| TASK OBJECTIVE |
For the entries below, say how many lines include the word "midpoint" and add nothing else.

Data items:

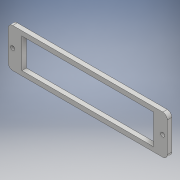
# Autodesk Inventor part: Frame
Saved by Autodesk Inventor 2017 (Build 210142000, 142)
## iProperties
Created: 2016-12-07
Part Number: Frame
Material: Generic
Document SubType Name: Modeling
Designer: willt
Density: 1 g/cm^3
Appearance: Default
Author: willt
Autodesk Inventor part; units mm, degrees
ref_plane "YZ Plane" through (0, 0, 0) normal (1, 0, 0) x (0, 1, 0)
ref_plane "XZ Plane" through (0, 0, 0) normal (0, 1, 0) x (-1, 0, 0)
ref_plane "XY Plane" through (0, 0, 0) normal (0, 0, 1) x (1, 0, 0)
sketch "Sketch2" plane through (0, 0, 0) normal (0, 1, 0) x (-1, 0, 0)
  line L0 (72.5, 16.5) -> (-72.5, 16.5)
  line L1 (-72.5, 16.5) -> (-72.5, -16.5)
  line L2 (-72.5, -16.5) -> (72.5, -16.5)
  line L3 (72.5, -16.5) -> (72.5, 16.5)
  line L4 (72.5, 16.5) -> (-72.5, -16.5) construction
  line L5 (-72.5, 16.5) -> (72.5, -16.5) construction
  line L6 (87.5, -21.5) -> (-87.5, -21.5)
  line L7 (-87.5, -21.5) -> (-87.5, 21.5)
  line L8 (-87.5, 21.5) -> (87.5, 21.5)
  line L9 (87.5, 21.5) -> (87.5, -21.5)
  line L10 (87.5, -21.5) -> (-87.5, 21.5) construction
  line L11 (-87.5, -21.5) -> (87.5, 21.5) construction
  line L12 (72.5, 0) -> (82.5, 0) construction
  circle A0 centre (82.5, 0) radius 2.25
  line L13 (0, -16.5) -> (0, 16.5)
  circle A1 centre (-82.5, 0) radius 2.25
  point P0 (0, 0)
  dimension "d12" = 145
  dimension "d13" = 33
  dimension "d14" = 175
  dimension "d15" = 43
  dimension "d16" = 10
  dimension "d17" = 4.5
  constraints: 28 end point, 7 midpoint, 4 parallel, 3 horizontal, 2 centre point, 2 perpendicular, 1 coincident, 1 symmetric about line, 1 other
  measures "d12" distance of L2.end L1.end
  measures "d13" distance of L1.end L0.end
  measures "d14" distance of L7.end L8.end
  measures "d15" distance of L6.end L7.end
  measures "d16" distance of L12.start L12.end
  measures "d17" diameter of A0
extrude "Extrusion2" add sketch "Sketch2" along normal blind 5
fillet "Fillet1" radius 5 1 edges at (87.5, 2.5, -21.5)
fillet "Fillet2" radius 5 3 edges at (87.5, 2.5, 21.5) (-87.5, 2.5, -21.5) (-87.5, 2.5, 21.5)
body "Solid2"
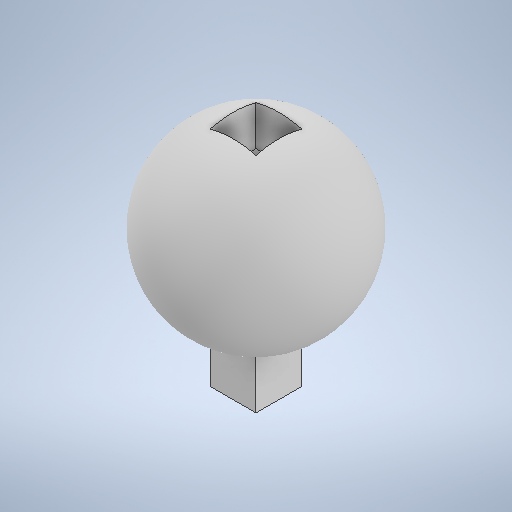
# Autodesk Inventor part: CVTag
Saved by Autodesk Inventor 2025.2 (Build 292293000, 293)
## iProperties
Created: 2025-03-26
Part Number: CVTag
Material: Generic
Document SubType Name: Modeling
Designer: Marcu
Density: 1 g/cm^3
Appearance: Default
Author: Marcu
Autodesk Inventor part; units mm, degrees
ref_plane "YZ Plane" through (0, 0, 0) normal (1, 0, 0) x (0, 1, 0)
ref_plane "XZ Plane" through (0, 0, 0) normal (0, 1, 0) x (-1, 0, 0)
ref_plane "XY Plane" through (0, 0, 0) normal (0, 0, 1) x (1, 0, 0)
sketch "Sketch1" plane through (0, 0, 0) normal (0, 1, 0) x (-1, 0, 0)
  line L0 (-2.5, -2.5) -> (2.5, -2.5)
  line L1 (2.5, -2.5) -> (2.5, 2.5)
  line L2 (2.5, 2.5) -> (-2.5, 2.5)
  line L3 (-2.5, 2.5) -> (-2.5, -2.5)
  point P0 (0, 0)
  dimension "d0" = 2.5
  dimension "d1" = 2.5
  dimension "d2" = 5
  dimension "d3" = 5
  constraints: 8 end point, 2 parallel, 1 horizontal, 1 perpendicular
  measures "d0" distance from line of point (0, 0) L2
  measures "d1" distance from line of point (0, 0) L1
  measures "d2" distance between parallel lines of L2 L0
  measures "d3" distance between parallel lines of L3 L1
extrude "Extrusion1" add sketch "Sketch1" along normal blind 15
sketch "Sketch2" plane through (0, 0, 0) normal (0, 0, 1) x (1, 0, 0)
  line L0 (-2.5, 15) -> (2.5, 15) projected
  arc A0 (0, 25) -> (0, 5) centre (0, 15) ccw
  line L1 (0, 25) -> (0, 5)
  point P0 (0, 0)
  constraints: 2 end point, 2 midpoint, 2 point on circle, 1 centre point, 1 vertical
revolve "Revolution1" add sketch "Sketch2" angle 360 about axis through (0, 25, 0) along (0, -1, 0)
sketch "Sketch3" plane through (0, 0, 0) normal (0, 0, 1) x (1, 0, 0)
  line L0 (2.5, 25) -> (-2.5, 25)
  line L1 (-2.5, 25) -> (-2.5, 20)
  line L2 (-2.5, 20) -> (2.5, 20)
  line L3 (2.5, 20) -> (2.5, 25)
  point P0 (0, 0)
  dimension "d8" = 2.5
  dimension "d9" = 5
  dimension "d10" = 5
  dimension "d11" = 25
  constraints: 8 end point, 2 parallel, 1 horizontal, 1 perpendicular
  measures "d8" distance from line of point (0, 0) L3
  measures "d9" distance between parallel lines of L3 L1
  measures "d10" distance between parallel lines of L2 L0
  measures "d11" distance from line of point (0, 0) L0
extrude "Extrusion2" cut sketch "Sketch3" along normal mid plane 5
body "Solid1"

| WRITTEN REPLY |
2